EXERCISE
Reproduce, exactly, the lines of the material below from the line containing "normal blind 7" through the line containing "line L8 (-17.8588, 5.0542)", with both end lines included and nothing else.

DATA SUPPLIED
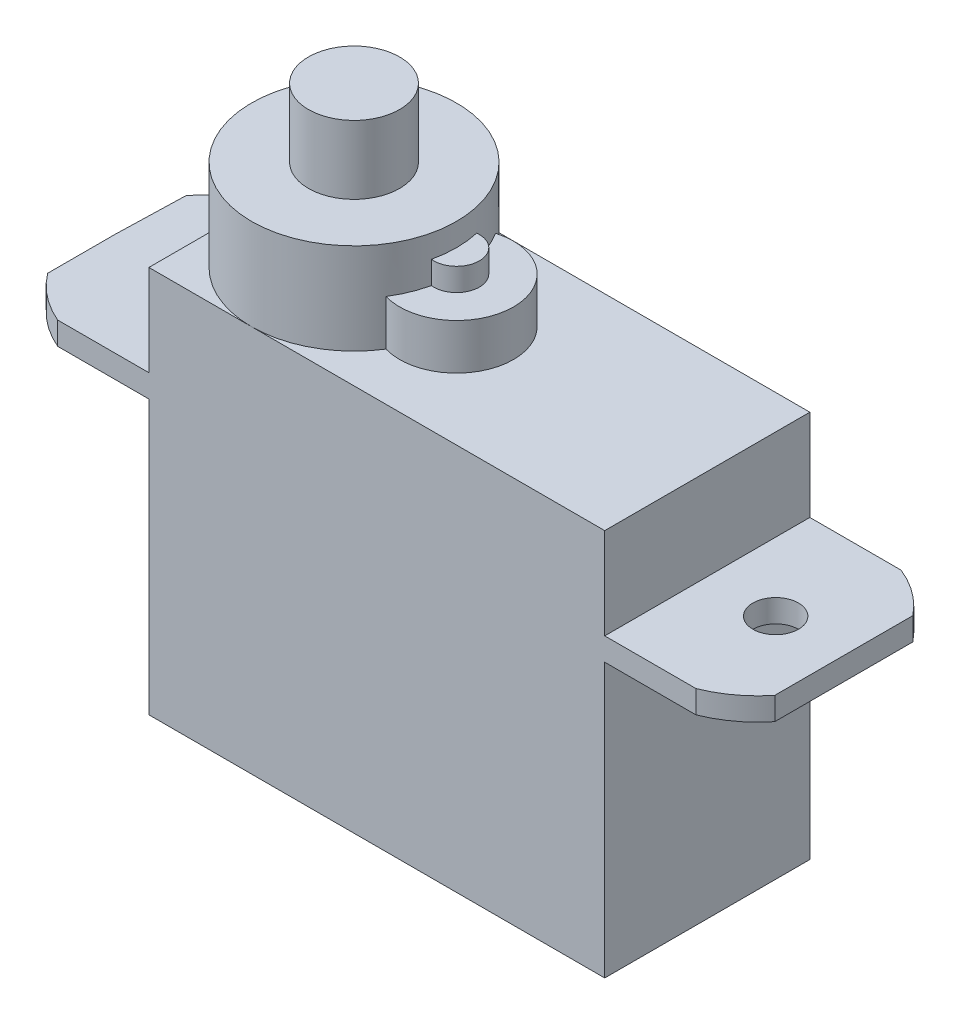
SolidWorks part; units mm, degrees
ref_plane "Front Plane" through (0, 0, 0) normal (0, 0, 1) x (1, 0, 0)
ref_plane "Top Plane" through (0, 0, 0) normal (0, 1, 0) x (1, 0, 0)
ref_plane "Right Plane" through (0, 0, 0) normal (1, 0, 0) x (0, 0, -1)
sketch "Sketch1" plane through (0, 0, 0) normal (0, 1, 0) x (1, 0, 0)
  line L0 (14, 0) -> (17, 0) construction
  line L1 (-10, -4.5) -> (10, -4.5)
  line L2 (-10, -4.5) -> (-10, 4.5)
  line L3 (-10, 4.5) -> (10, 4.5)
  line L4 (10, -4.5) -> (10, 4.5)
  line L5 (-10, -4.5) -> (10, 4.5) construction
  line L6 (-10, 4.5) -> (10, -4.5) construction
  line L7 (-10, -4.5) -> (-14, -4.5)
  line L8 (-10, -4.5) -> (-10, 4.5)
  line L9 (-10, 4.5) -> (-14, 4.5)
  line L10 (-14, -4.5) -> (-14, 4.5)
  line L11 (10, -4.5) -> (14, -4.5)
  line L12 (10, -4.5) -> (10, 4.5)
  line L13 (10, 4.5) -> (14, 4.5)
  line L14 (14, -4.5) -> (14, 4.5)
  line L15 (-14, 0) -> (-17, 0) construction
  line L16 (-10, 0) -> (-13, 0) construction
  line L17 (-10, 0) -> (-5.5, 0) construction
  line L18 (-5.5, 0) -> (-1, 0) construction
  line L20 (10, 0) -> (13, 0) construction
  arc A0 (-14, 4.5) -> (-14, -4.5) centre (-12.1019, 0) ccw
  arc A1 (14, 4.5) -> (14, -4.5) centre (12.212, 0) cw
  circle A2 centre (-5.5, 0) radius 4.5
  circle A3 centre (-1, 0) radius 2.5
  circle A4 centre (-1, 0) radius 1
  circle A5 centre (13, 0) radius 1
  circle A6 centre (-13, 0) radius 1
  circle A7 centre (-5.5, 0) radius 2
  point P0 (0, 0)
  dimension "D1" = 20
  dimension "D2" = 9
  dimension "D3" = 4
  dimension "D4" = 4
extrude "Boss-Extrude3" add sketch "Sketch1" along normal blind 4 and the other way blind 13 contours A3 A2 L1 L4 L3 | A2 L2 L1 | A2 L3 L8 | A3 A7 A2 | A7 | A4 A2 A3 | A4 A2 A3 | A2 A4 | A2 A4 region at (-8.9948, 0, 3.4948) region at (4.4349, 0, 0) region at (-5.5, 0, 0) region at (-8.5954, 0, 3.0954) region at (-8.9948, 0, -3.4948) region at (-2.329, 0, 0) region at (0.0181, 0, 0) region at (-1.4438, 0, 0) region at (-0.5962, 0, 0)
extrude "Boss-Extrude4" add sketch "Sketch1<3>" along normal blind 0.0001 and the other way blind 1 contours L10 A6 L7 L2 L8 L9 | L14 A5 L13 L4 L11 | A1 L14 | L10 A0 region at (-11.9044, 0, 0) region at (-15.2325, 0, 0) region at (11.9044, 0, 0) region at (15.2622, 0, 0)
sketch "Sketch1<3>" plane through (0, 0, 0) normal (0, 1, 0) x (1, 0, 0) same geometry as "Sketch1"
extrude "Boss-Extrude6" add sketch "Sketch1<8>" along normal blind 7 contours A2 A4 | A2 A4 region at (-1.4438, 0, 0) region at (-0.5962, 0, 0)
sketch "Sketch1<8>" plane through (0, 0, 0) normal (0, 1, 0) x (1, 0, 0) same geometry as "Sketch1"
extrude "Boss-Extrude7" add sketch "Sketch1<9>" along normal blind 11 contours A7 region at (-5.5, 0, 0)
sketch "Sketch1<9>" plane through (0, 0, 0) normal (0, 1, 0) x (1, 0, 0) same geometry as "Sketch1"
extrude "Boss-Extrude10" add sketch "Sketch1<11>" along normal blind 8 contours A3 A7 A2 | A7 | A4 A2 A3 | A2 A4 region at (-5.5, 0, 0) region at (-8.5954, 0, 3.0954) region at (-2.329, 0, 0) region at (-1.4438, 0, 0)
sketch "Sketch1<11>" plane through (0, 0, 0) normal (0, 1, 0) x (1, 0, 0) same geometry as "Sketch1"
extrude "Boss-Extrude11" add sketch "Sketch1<12>" along normal blind 6 contours A4 A2 A3 | A2 A4 | A4 A2 A3 | A2 A4 region at (-2.329, 0, 0) region at (0.0181, 0, 0) region at (-1.4438, 0, 0) region at (-0.5962, 0, 0)
sketch "Sketch1<12>" plane through (0, 0, 0) normal (0, 1, 0) x (1, 0, 0) same geometry as "Sketch1"
sketch "Sketch5" plane through (0, 0.0001, 0) normal (0, 1, 0) x (1, 0, 0)
  line L0 (15.9898, 0) -> (15.9898, 5)
  line L1 (15.9898, 5) -> (17.9898, 5)
  line L2 (17.9898, 5) -> (17.9898, -5)
  line L3 (17.9898, -5) -> (15.9898, -5)
  line L4 (15.9898, -5) -> (15.9898, 0)
  line L5 (-10, 0) -> (-16, 0) construction
  line L6 (-16, 0) -> (-15.8596, 4.998)
  line L7 (-15.8596, 4.998) -> (-17.8588, 5.0542)
  line L8 (-17.8588, 5.0542) -> (-18.1413, -5)
  line L9 (-18.1413, -5) -> (-16, -5)
  line L10 (-16, -5) -> (-16, 0)
extrude "Cut-Extrude1" cut sketch "Sketch5" against normal blind 10 contours L4 L0 L1 L2 L3 | L10 L6 L7 L8 L9

TASK OUTPUT
extrude "Boss-Extrude6" add sketch "Sketch1<8>" along normal blind 7 contours A2 A4 | A2 A4 region at (-1.4438, 0, 0) region at (-0.5962, 0, 0)
sketch "Sketch1<8>" plane through (0, 0, 0) normal (0, 1, 0) x (1, 0, 0) same geometry as "Sketch1"
extrude "Boss-Extrude7" add sketch "Sketch1<9>" along normal blind 11 contours A7 region at (-5.5, 0, 0)
sketch "Sketch1<9>" plane through (0, 0, 0) normal (0, 1, 0) x (1, 0, 0) same geometry as "Sketch1"
extrude "Boss-Extrude10" add sketch "Sketch1<11>" along normal blind 8 contours A3 A7 A2 | A7 | A4 A2 A3 | A2 A4 region at (-5.5, 0, 0) region at (-8.5954, 0, 3.0954) region at (-2.329, 0, 0) region at (-1.4438, 0, 0)
sketch "Sketch1<11>" plane through (0, 0, 0) normal (0, 1, 0) x (1, 0, 0) same geometry as "Sketch1"
extrude "Boss-Extrude11" add sketch "Sketch1<12>" along normal blind 6 contours A4 A2 A3 | A2 A4 | A4 A2 A3 | A2 A4 region at (-2.329, 0, 0) region at (0.0181, 0, 0) region at (-1.4438, 0, 0) region at (-0.5962, 0, 0)
sketch "Sketch1<12>" plane through (0, 0, 0) normal (0, 1, 0) x (1, 0, 0) same geometry as "Sketch1"
sketch "Sketch5" plane through (0, 0.0001, 0) normal (0, 1, 0) x (1, 0, 0)
  line L0 (15.9898, 0) -> (15.9898, 5)
  line L1 (15.9898, 5) -> (17.9898, 5)
  line L2 (17.9898, 5) -> (17.9898, -5)
  line L3 (17.9898, -5) -> (15.9898, -5)
  line L4 (15.9898, -5) -> (15.9898, 0)
  line L5 (-10, 0) -> (-16, 0) construction
  line L6 (-16, 0) -> (-15.8596, 4.998)
  line L7 (-15.8596, 4.998) -> (-17.8588, 5.0542)
  line L8 (-17.8588, 5.0542) -> (-18.1413, -5)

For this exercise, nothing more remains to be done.